Name the endpoint and specify based on the screenshot below. 

  • Endpoint Specifier: Service Selector Info
  • Discovery: Kubernetes
  • Service: Service Name
  • Service Name: service-name.namespace
  • Protocol: UDP
  • Port: 5553
  • Virtual Site or Site or Network: Site
  • Reference: Site Name
  • Network Type: Site Local Service Network

Save and Exit.

Cluster

The Cluster configuration will be simple, from Manage, Virtual Hosts, Clusters, add Cluster. We just need a name and select the Origin Servers / Endpoints and select the endpoint we just created. Save and Exit.

Route

The Route configuration will be simple as well, from Manage, Virtual Hosts, Routes, add Route. Name the route and under List of Routes click Configure, then Add Item. Leave most settings as they are, and under Actions, choose Destination List, then click Configure. Under Origin Pools and Weights, click Add Item. Under Cluster with Weight and Priority select the cluster we created previously, leave Weight as null for this configuration, then click Apply, apply again, apply again, Apply again, Save and Exit.

 

Now we can Finally create a Virtual Host. 

Virtual Host

Under Manage, Virtual Host, Select Virtual Host, then Click Add Virtual Host.

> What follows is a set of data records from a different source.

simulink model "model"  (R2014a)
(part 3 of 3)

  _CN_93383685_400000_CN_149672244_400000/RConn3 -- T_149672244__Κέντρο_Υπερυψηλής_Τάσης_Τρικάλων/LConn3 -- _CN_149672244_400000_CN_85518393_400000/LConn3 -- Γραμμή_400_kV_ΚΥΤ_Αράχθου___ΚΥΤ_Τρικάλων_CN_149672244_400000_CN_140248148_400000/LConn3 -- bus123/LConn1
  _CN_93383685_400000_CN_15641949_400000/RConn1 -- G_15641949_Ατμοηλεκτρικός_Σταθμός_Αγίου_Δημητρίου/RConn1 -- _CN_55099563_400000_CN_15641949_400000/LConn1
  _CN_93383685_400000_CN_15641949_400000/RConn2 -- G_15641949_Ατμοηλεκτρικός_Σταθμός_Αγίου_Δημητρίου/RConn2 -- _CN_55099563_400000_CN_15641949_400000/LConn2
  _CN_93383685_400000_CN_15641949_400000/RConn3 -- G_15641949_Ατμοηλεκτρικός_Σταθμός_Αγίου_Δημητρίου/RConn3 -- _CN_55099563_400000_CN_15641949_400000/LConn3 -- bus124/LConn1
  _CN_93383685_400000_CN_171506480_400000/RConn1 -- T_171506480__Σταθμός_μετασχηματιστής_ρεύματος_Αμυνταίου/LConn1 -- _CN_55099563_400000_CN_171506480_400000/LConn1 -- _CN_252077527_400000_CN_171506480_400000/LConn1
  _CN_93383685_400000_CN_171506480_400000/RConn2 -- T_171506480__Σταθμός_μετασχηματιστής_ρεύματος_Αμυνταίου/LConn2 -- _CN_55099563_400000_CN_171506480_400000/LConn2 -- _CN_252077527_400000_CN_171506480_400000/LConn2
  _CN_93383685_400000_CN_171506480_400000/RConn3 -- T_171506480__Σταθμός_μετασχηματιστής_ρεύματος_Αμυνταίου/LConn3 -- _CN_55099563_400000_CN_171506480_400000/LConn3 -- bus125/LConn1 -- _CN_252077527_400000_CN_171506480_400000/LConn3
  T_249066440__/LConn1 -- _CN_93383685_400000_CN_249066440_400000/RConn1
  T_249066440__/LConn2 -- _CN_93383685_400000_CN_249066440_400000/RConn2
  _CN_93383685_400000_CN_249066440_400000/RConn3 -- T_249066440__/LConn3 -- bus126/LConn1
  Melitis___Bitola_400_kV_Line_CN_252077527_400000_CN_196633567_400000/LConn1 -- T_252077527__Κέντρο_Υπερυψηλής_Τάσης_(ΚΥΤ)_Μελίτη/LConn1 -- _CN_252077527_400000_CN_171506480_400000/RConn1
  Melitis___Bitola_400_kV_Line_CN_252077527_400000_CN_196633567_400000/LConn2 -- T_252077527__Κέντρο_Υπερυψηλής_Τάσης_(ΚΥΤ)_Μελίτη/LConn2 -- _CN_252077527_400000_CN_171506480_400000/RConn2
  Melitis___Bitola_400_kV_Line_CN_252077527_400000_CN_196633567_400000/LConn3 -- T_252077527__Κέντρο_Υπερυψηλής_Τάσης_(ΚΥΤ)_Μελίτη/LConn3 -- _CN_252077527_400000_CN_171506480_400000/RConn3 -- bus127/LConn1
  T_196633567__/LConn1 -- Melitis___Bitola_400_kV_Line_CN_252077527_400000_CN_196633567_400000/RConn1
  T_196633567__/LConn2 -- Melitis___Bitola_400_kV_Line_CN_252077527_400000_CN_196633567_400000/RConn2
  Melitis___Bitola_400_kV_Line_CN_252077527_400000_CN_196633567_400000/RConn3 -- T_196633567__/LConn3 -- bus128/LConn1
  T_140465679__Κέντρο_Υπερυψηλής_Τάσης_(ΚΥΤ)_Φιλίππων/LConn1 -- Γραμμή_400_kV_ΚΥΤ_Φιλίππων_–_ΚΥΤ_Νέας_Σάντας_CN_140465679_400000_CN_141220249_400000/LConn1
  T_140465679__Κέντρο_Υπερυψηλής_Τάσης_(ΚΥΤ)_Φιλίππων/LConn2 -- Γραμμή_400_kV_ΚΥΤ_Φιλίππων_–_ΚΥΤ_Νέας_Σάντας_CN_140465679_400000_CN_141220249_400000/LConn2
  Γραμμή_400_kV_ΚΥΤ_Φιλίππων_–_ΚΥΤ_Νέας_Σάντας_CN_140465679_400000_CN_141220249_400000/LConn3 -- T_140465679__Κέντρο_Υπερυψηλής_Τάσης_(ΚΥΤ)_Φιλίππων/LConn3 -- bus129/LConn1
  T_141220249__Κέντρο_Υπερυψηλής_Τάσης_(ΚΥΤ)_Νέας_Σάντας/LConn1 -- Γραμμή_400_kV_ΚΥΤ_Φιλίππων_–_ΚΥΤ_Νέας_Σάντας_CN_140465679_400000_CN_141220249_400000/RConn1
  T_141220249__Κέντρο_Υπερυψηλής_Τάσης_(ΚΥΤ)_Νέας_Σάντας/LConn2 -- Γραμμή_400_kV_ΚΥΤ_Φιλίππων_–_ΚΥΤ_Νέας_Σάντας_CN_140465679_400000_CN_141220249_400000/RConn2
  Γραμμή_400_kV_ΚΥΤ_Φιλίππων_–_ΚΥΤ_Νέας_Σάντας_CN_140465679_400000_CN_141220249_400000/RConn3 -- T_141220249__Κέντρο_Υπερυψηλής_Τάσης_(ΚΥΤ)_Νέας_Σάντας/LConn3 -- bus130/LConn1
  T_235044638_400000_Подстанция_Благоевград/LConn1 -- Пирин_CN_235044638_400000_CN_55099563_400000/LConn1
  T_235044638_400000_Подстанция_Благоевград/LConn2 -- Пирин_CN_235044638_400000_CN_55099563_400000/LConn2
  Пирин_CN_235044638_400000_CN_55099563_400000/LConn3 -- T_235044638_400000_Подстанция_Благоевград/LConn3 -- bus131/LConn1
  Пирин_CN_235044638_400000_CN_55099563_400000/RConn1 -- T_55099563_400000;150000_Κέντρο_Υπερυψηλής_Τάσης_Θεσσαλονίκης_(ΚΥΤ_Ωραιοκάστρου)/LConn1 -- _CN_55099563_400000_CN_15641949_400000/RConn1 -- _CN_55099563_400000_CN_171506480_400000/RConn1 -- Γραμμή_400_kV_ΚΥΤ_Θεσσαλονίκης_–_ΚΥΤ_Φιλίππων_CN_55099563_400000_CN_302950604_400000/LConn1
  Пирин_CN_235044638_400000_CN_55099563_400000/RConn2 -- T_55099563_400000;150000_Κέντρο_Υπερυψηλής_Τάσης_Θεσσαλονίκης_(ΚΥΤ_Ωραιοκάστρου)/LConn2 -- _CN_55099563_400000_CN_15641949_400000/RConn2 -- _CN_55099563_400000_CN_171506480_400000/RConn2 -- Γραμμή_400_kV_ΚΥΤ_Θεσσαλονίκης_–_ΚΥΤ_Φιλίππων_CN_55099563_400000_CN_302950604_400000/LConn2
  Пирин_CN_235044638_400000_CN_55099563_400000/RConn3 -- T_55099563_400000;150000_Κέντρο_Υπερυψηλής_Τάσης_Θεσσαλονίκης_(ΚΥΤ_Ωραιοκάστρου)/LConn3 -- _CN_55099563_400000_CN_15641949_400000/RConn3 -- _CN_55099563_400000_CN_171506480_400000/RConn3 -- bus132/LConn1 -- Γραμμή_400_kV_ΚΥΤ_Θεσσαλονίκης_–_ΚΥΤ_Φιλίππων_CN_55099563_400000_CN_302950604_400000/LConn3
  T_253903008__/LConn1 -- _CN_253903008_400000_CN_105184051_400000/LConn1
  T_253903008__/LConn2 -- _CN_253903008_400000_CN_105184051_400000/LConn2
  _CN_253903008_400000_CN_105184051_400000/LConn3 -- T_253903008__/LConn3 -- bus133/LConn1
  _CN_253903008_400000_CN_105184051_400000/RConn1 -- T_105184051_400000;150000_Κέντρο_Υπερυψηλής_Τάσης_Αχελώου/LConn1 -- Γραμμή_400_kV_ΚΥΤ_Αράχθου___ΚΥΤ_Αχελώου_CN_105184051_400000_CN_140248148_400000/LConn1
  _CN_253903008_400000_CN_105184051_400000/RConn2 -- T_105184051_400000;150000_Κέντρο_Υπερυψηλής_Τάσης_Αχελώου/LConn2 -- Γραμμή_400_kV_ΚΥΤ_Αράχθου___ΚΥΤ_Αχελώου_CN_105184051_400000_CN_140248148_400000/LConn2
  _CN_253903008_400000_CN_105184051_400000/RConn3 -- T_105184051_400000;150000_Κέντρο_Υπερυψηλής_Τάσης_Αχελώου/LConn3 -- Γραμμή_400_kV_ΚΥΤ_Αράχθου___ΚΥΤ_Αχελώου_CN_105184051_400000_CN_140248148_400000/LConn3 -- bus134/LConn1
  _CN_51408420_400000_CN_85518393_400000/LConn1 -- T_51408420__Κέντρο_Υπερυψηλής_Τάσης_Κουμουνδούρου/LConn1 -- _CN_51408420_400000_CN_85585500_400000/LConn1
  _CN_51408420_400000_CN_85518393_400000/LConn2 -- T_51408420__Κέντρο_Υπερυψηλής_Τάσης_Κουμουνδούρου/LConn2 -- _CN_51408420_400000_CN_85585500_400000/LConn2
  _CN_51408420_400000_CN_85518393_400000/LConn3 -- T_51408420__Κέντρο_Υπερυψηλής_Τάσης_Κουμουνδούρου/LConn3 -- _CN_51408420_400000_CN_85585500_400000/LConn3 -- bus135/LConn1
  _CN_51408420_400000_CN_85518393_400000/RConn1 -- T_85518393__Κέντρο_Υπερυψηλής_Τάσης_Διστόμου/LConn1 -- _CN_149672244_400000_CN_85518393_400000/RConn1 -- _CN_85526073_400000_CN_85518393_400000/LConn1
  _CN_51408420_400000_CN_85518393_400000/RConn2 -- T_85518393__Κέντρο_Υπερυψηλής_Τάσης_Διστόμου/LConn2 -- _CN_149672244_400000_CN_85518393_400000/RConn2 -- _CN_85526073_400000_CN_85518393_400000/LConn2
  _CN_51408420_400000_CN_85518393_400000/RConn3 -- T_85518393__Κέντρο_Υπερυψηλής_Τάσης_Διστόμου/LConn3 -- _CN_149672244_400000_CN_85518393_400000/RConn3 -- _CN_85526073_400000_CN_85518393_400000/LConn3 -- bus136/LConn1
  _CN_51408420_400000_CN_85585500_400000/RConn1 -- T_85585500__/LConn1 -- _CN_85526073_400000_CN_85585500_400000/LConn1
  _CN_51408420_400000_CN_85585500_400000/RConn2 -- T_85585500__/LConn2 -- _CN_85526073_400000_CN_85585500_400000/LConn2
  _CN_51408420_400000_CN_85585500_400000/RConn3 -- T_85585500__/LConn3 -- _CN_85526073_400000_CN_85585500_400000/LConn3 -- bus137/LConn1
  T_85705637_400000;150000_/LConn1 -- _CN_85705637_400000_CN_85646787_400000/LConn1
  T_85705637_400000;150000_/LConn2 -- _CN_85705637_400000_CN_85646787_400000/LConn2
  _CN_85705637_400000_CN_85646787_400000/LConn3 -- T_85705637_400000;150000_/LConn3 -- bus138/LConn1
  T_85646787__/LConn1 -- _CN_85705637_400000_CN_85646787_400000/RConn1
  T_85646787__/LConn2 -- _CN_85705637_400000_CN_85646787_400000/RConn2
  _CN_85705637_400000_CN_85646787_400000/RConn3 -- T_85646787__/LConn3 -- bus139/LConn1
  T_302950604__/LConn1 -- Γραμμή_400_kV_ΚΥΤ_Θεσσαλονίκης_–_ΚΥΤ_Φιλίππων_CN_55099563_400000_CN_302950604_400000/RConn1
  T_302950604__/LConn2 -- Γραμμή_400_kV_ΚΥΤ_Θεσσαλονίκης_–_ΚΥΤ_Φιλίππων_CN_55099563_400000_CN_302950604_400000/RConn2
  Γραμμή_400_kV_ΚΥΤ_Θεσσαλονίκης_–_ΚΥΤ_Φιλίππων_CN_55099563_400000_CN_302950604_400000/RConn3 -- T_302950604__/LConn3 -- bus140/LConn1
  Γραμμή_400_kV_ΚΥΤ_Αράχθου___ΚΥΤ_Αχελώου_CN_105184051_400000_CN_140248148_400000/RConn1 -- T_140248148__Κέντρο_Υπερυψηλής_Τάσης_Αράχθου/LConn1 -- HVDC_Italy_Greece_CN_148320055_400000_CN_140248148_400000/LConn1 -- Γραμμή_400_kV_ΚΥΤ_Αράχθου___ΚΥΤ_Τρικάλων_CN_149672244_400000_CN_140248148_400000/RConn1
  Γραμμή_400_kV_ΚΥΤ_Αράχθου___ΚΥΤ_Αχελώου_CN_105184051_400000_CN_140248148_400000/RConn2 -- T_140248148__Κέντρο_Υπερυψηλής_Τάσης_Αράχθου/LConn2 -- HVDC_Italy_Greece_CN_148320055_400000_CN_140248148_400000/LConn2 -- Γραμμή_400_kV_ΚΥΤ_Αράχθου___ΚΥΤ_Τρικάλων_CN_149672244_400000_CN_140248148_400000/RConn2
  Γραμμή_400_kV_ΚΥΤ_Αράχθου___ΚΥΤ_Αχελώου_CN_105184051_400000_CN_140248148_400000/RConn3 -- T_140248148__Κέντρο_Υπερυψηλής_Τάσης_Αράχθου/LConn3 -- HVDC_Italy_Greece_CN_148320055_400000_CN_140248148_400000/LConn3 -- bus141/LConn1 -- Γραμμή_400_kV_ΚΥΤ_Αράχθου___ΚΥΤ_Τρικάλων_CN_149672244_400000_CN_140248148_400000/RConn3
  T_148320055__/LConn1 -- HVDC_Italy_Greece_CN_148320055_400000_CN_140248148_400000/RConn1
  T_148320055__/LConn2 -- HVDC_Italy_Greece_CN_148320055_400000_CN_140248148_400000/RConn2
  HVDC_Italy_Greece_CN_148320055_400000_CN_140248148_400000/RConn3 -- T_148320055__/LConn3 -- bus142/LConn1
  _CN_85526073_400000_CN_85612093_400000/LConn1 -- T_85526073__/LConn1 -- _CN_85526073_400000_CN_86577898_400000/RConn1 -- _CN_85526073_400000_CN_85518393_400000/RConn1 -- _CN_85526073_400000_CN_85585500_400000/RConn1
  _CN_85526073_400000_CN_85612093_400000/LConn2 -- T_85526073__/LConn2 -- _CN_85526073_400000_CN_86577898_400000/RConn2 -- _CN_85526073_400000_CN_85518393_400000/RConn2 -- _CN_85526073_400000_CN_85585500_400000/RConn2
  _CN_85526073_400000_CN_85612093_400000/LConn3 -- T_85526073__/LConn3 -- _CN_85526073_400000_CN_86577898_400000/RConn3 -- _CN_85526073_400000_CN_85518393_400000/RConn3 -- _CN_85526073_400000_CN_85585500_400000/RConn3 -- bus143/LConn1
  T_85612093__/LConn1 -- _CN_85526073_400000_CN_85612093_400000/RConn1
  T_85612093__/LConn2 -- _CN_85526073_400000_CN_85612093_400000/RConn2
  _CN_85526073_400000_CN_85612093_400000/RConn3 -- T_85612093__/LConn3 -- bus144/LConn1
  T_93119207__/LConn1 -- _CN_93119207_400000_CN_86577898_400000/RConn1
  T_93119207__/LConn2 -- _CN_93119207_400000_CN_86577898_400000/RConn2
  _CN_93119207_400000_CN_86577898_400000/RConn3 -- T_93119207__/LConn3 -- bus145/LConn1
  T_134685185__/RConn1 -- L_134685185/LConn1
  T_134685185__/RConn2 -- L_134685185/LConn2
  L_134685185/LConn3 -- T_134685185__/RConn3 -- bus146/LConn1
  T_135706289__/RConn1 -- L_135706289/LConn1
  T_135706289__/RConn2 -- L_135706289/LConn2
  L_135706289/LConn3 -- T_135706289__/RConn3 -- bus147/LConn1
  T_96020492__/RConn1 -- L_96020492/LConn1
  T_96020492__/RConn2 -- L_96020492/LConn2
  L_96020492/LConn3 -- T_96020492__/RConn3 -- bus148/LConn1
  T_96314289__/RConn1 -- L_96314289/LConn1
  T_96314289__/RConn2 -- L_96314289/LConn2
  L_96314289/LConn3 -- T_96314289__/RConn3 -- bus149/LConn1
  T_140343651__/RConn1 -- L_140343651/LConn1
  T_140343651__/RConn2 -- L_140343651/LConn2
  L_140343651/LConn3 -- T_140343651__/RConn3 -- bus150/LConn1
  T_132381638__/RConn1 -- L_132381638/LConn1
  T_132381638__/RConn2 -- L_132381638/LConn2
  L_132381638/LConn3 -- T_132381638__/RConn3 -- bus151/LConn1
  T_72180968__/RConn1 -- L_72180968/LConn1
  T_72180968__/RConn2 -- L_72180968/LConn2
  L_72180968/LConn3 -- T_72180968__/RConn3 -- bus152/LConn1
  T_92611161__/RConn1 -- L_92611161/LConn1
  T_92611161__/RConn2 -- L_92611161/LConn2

There are a ton of options here, but we only care about a couple. Give the Virtual Host a name.

  • Proxy Type: UDP Proxy
  • Advertise Policy: previously created policy

Moment of Truth, Again

Now that we have our services published we can give them a test.  Since they are currently on a non standard port, and most systems dont let us specify a port in default configurations we need to test with dig, nslookup, etc.

To test TCP with nslookup:

nslookup -port=5553 -vc google.com 192.168.125.229       
Server:		192.168.125.229
Address:	192.168.125.229#5553

Non-authoritative answer:
Name:	google.com
Address: 142.251.40.174

To test UDP with nslookup:

nslookup -port=5553 google.com 192.168.125.229 
Server:		192.168.125.229
Address:	192.168.125.229#5553

Non-authoritative answer:
Name:	google.com
Address: 142.251.40.174

 

IP Tables for Non-Standard DNS Ports

If we wanted to use the nonstandard port tcp/udp dns on Linux or MacOS, we can use IPTABLES to forward all the traffic for us.  There isnt a way to set this up in Windows OS today, but as in Part 1, Windows Server 2022 supports encrypted DNS over HTTPS, and it can be pushed as policy through Group Policy as well.

iptables -t nat -A PREROUTING -i eth0 -p udp –dport 53 -j DNAT –to XXXXXXXXXX:5553
iptables -t nat -A PREROUTING -i eth0 -p udp –dport 53 -j DNAT –to XXXXXXXXXX:5553
iptables -t nat -A PREROUTING -i eth0 -p tcp –dport 53 -j DNAT –to XXXXXXXXXX:5553
iptables -t nat -A PREROUTING -i eth0 -p tcp –dport 53 -j DNAT –to XXXXXXXXXX:5553​

Conclusion

I hope this helps with a common use-case we are hearing every day, and shows how simple it is to deploy workloads into our Managed Namespaces.

Updated Nov 15, 2022
Version 2.0
  • Thanks for the article Coleman! I have followed this multiple times now over the last year.

  • UPDATE: As of May Release, you can now advertise on port 53 on a CE on a custom VIP/IP.